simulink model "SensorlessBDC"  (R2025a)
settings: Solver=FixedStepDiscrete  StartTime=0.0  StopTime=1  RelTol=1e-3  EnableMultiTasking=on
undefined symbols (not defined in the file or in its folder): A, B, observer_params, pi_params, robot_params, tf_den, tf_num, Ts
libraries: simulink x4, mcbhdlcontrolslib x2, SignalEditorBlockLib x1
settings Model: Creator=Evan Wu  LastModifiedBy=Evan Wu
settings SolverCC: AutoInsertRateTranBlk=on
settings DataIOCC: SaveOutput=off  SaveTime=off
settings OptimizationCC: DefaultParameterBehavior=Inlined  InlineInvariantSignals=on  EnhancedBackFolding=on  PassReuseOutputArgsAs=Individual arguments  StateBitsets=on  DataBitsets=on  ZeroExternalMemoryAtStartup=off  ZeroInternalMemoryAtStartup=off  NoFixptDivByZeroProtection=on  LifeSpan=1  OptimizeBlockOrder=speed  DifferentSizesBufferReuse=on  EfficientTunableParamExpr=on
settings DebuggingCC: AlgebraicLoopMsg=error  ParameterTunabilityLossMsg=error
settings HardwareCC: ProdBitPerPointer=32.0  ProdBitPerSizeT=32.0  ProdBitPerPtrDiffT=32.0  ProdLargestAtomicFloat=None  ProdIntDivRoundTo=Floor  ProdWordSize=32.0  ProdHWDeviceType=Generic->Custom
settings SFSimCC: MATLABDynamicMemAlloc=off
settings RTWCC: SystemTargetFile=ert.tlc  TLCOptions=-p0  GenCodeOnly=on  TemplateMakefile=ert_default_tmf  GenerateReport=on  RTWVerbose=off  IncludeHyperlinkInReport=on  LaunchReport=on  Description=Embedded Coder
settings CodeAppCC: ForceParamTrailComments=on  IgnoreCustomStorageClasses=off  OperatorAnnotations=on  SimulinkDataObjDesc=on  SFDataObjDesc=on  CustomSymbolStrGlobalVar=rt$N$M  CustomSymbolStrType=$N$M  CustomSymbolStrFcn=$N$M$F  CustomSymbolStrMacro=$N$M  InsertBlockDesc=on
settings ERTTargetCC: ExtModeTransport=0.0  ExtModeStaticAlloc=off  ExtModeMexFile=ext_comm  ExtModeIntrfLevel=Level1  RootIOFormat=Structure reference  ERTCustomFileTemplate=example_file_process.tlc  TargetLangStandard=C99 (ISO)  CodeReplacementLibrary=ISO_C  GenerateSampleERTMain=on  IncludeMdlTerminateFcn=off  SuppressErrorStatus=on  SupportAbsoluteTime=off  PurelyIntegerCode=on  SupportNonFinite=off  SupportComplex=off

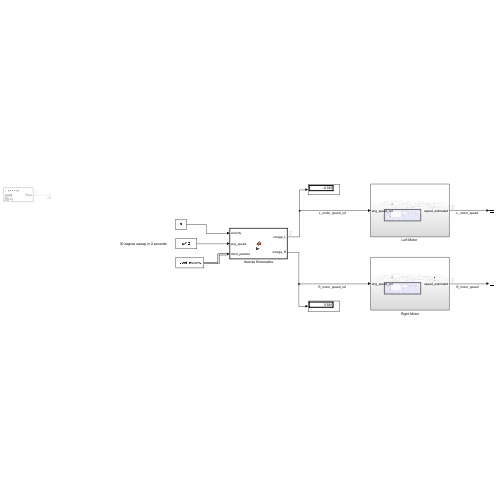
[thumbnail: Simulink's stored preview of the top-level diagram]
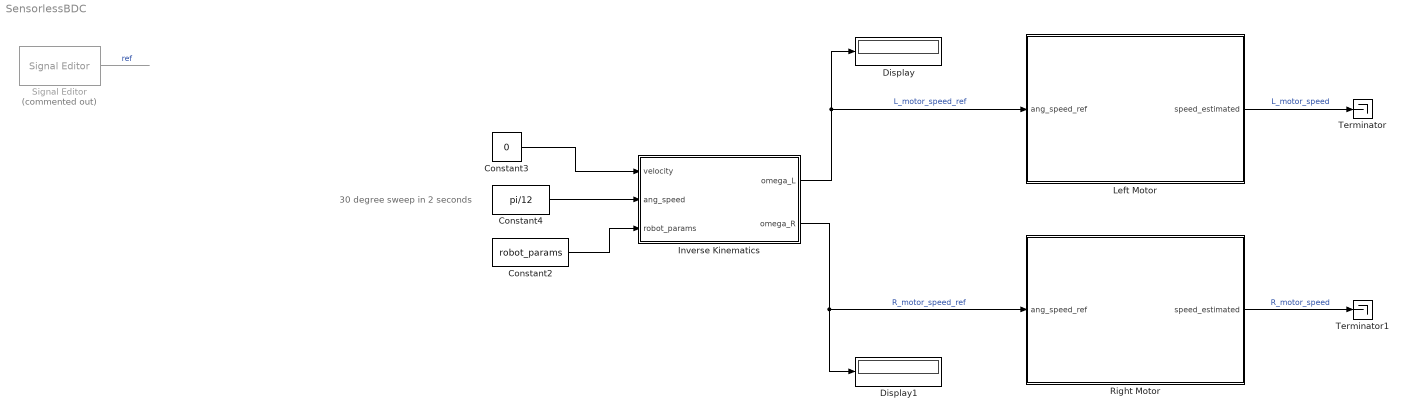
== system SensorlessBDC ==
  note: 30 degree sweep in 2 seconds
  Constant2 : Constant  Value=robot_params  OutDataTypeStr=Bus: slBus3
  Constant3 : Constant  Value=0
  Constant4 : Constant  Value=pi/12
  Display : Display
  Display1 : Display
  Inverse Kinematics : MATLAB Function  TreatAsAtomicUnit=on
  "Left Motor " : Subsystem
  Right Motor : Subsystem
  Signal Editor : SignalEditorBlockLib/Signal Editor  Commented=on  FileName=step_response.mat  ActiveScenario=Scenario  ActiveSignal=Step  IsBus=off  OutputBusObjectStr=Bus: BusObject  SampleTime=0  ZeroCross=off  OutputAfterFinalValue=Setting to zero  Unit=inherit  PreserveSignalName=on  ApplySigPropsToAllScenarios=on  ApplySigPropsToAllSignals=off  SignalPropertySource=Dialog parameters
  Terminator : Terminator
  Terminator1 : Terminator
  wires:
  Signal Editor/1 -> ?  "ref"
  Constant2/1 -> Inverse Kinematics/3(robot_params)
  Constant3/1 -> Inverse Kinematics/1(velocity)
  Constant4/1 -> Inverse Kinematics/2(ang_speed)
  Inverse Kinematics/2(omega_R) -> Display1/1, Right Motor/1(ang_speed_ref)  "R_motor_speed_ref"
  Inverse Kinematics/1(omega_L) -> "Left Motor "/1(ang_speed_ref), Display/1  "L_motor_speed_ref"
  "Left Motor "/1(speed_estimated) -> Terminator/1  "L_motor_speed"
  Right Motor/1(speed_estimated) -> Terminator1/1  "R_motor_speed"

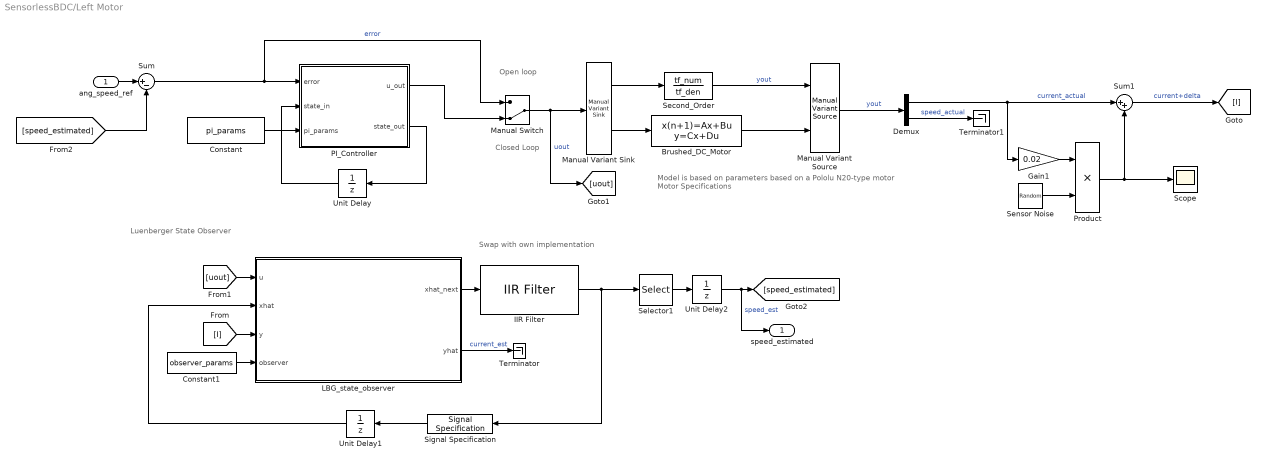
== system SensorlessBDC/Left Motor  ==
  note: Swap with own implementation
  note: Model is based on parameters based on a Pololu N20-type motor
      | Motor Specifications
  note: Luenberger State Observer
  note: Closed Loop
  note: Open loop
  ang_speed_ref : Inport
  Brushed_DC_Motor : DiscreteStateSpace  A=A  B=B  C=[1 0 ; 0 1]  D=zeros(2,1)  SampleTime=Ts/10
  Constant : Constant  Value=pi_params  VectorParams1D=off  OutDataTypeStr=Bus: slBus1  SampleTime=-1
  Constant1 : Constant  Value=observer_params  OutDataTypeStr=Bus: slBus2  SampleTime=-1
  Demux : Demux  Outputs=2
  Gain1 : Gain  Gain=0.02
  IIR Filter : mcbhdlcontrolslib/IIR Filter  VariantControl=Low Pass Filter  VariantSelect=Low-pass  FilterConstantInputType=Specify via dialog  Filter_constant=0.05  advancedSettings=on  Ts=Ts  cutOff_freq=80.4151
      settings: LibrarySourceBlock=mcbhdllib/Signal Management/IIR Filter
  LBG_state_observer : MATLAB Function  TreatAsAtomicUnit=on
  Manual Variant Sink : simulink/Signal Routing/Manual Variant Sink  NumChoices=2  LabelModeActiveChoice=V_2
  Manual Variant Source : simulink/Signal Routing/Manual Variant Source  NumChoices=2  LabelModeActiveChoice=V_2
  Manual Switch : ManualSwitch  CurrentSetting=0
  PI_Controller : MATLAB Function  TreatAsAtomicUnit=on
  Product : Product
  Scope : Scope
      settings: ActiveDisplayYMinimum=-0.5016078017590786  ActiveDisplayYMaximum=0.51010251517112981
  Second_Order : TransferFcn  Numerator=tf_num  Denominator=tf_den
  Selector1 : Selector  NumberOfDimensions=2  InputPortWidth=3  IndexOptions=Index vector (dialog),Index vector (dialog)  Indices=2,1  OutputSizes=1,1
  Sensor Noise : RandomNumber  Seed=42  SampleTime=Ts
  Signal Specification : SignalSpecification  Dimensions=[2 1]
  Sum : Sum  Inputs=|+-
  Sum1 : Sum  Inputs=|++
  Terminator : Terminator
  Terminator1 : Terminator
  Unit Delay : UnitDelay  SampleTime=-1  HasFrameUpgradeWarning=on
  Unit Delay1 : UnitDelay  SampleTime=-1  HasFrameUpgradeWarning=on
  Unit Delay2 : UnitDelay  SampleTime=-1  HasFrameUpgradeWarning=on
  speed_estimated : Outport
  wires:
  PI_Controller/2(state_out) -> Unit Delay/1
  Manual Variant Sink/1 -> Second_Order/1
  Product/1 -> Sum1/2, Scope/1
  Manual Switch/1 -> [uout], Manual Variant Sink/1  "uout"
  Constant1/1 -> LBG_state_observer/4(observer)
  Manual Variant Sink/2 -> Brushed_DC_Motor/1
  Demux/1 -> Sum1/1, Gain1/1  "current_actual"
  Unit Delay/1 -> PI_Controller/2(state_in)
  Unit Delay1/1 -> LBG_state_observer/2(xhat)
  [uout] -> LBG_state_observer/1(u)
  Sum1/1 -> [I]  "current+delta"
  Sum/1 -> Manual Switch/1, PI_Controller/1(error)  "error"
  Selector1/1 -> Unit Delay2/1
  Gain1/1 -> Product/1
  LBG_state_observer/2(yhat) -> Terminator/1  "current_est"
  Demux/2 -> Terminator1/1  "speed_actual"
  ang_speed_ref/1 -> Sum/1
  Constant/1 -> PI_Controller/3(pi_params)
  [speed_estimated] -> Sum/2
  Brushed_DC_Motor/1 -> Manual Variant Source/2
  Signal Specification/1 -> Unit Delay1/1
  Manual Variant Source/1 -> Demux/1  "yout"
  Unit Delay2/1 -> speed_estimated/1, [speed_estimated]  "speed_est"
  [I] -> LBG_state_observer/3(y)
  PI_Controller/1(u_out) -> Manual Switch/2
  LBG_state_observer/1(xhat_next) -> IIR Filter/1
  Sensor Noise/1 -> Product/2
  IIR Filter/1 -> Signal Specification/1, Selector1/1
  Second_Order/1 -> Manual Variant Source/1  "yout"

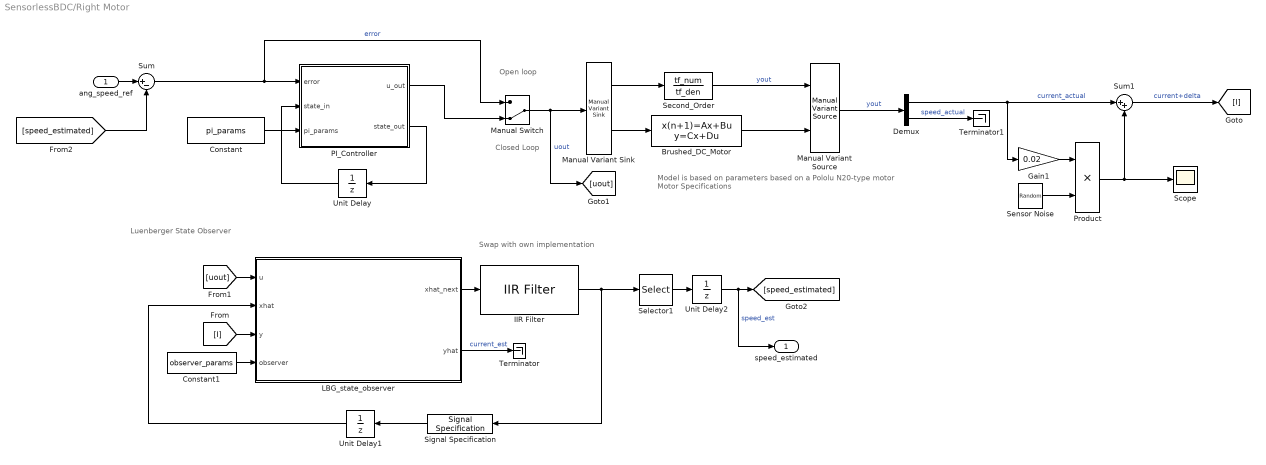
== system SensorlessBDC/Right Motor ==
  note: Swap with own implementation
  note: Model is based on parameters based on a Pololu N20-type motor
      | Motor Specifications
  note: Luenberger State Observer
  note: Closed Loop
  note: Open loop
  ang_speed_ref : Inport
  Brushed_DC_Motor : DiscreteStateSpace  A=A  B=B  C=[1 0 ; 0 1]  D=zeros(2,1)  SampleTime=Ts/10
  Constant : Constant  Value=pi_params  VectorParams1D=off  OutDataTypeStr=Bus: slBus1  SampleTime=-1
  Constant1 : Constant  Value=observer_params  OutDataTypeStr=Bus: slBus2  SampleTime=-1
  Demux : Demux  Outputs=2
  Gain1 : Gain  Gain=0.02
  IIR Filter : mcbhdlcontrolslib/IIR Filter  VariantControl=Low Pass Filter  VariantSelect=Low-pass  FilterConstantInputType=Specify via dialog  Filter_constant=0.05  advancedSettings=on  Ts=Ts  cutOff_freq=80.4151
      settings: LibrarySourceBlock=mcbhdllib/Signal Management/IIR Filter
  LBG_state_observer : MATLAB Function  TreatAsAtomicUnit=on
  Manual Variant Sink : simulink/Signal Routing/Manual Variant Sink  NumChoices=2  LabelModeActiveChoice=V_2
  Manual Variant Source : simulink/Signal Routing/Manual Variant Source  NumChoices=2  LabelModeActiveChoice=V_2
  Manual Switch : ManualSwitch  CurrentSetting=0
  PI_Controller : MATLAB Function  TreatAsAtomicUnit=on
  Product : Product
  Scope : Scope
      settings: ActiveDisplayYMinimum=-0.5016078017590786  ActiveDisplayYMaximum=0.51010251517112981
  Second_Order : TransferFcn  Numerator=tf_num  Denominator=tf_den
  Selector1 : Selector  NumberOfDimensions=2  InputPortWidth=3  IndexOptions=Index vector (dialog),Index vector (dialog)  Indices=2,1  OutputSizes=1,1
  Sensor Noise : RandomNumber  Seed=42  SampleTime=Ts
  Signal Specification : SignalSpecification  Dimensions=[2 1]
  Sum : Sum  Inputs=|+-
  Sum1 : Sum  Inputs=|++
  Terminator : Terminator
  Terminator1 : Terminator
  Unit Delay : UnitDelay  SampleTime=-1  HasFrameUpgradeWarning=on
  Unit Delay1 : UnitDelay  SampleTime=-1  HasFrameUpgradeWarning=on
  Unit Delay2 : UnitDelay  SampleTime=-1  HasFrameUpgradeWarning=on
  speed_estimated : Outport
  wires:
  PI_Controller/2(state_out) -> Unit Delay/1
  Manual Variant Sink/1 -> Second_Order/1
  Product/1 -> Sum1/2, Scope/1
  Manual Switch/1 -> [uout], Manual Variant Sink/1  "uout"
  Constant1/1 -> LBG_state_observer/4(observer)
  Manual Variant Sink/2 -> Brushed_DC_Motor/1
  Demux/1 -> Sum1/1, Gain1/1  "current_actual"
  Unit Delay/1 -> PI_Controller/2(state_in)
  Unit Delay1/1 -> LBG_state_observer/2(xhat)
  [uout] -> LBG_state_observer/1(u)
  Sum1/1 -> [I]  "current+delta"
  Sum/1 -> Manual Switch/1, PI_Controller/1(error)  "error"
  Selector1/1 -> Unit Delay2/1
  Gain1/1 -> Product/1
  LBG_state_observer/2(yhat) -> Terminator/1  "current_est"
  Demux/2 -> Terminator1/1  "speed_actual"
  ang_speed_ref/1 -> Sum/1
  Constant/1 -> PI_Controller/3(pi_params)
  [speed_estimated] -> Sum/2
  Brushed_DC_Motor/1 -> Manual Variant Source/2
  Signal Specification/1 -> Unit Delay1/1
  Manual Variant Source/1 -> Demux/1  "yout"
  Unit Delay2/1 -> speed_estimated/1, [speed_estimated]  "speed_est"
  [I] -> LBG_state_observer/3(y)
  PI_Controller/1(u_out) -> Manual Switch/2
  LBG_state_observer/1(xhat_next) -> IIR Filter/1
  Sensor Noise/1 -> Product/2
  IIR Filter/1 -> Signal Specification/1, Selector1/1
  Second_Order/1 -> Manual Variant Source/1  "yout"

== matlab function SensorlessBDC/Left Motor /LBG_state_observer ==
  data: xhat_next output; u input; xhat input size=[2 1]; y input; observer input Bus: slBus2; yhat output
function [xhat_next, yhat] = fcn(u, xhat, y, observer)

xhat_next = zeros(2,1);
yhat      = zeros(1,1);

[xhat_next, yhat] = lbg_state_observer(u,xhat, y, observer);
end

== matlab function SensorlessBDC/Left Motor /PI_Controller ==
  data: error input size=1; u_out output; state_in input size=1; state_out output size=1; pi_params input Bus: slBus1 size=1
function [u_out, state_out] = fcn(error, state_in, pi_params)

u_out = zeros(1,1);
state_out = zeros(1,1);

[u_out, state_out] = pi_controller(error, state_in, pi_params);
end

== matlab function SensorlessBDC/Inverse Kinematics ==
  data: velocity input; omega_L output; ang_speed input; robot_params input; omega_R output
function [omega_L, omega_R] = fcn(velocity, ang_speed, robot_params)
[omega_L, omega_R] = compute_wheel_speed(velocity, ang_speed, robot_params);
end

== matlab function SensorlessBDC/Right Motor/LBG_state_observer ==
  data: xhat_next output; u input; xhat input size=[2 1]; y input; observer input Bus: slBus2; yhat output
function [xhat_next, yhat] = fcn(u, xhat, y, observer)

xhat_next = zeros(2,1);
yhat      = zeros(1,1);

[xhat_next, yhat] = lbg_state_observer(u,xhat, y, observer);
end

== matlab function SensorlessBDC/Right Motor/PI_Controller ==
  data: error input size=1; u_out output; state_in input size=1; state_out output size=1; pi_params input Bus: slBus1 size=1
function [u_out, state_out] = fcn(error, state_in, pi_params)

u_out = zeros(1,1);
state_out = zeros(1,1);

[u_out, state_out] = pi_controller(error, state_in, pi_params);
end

..........

# Exercise goal:
What you return should be exactly the lines above, starting at the one with "Signal Editor/1 ->" and ending at the one with "Inverse Kinematics/1(omega_L) ->", and nothing else.

# Written solution:
  Signal Editor/1 -> ?  "ref"
  Constant2/1 -> Inverse Kinematics/3(robot_params)
  Constant3/1 -> Inverse Kinematics/1(velocity)
  Constant4/1 -> Inverse Kinematics/2(ang_speed)
  Inverse Kinematics/2(omega_R) -> Display1/1, Right Motor/1(ang_speed_ref)  "R_motor_speed_ref"
  Inverse Kinematics/1(omega_L) -> "Left Motor "/1(ang_speed_ref), Display/1  "L_motor_speed_ref"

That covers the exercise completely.